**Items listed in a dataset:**
────

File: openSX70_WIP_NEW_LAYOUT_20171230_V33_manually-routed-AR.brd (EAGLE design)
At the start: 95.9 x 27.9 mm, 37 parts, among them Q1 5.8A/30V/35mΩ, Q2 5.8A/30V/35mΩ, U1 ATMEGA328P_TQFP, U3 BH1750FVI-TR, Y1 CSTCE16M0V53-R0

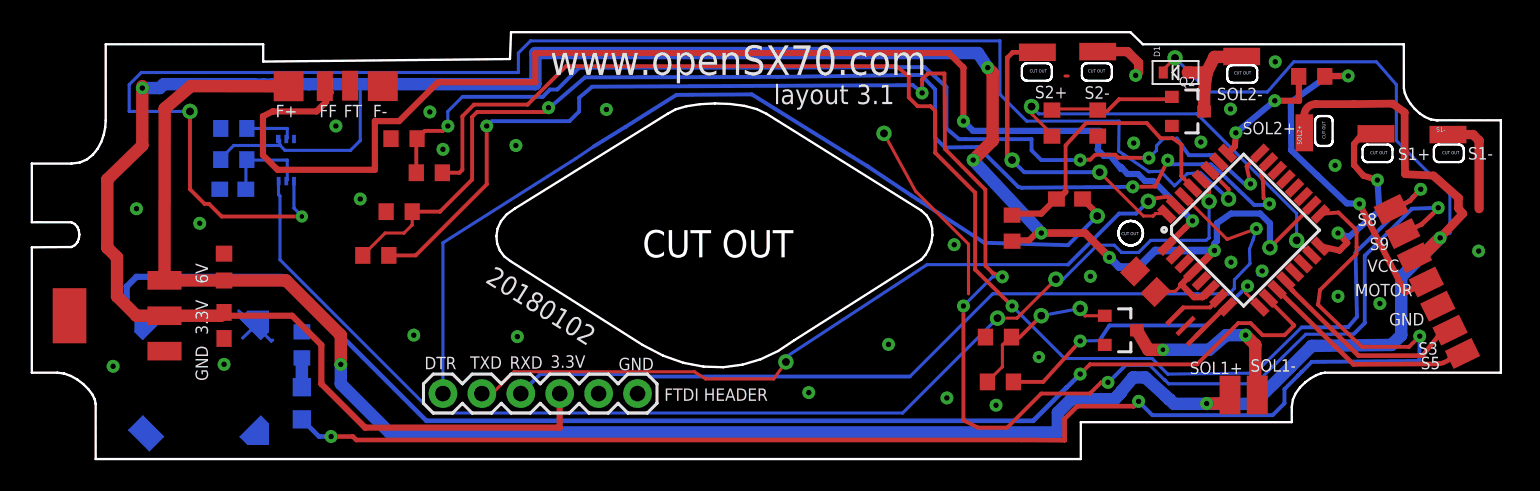
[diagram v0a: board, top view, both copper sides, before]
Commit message: New version 3.3 changed diode to DZ2J033
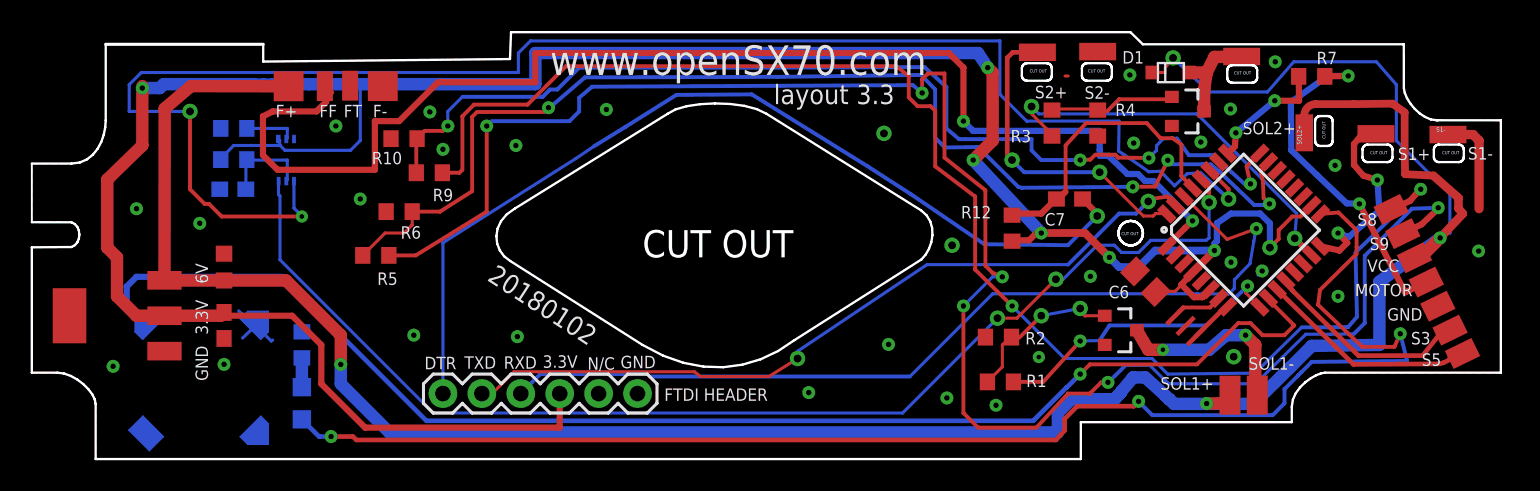
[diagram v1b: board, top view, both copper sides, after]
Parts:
- D1: value (none) -> DZ2J33X0L; device adafruit:SOD-523 -> openSX70:SMINI2
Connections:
- net 6V: now also D1.P$1; no longer D1.K
- net SOL2-: now also D1.P$2; no longer D1.A
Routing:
- net GND: track 27.8 -> 11.8 mm
- net LED: track 96.1 -> 94.1 mm
- net S9@6V: track 114.2 -> 114.9 mm
- net BUZZER: track 90.9 -> 90.2 mm
- net 6V: track 172.7 -> 173.3 mm
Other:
- board text added: "B+"
- board text added: "DUMMY"
- board text added: "LED"
- board text added: "LIGHTMETER"
- board text added: "N/C"
- board text added: "layout 3.3"
- board text removed: "LIGHT METER"
- board text removed: "SOL2-"
- board text removed: "layout 3.1"

────

**EXERCISE:**
Your answer must be the records above, word for word, with every picture left out.

**RESPONSE AREA:**
File: openSX70_WIP_NEW_LAYOUT_20171230_V33_manually-routed-AR.brd (EAGLE design)
At the start: 95.9 x 27.9 mm, 37 parts, among them Q1 5.8A/30V/35mΩ, Q2 5.8A/30V/35mΩ, U1 ATMEGA328P_TQFP, U3 BH1750FVI-TR, Y1 CSTCE16M0V53-R0

[diagram v0a: board, top view, both copper sides, before]
Commit message: New version 3.3 changed diode to DZ2J033
[diagram v1b: board, top view, both copper sides, after]
Parts:
- D1: value (none) -> DZ2J33X0L; device adafruit:SOD-523 -> openSX70:SMINI2
Connections:
- net 6V: now also D1.P$1; no longer D1.K
- net SOL2-: now also D1.P$2; no longer D1.A
Routing:
- net GND: track 27.8 -> 11.8 mm
- net LED: track 96.1 -> 94.1 mm
- net S9@6V: track 114.2 -> 114.9 mm
- net BUZZER: track 90.9 -> 90.2 mm
- net 6V: track 172.7 -> 173.3 mm
Other:
- board text added: "B+"
- board text added: "DUMMY"
- board text added: "LED"
- board text added: "LIGHTMETER"
- board text added: "N/C"
- board text added: "layout 3.3"
- board text removed: "LIGHT METER"
- board text removed: "SOL2-"
- board text removed: "layout 3.1"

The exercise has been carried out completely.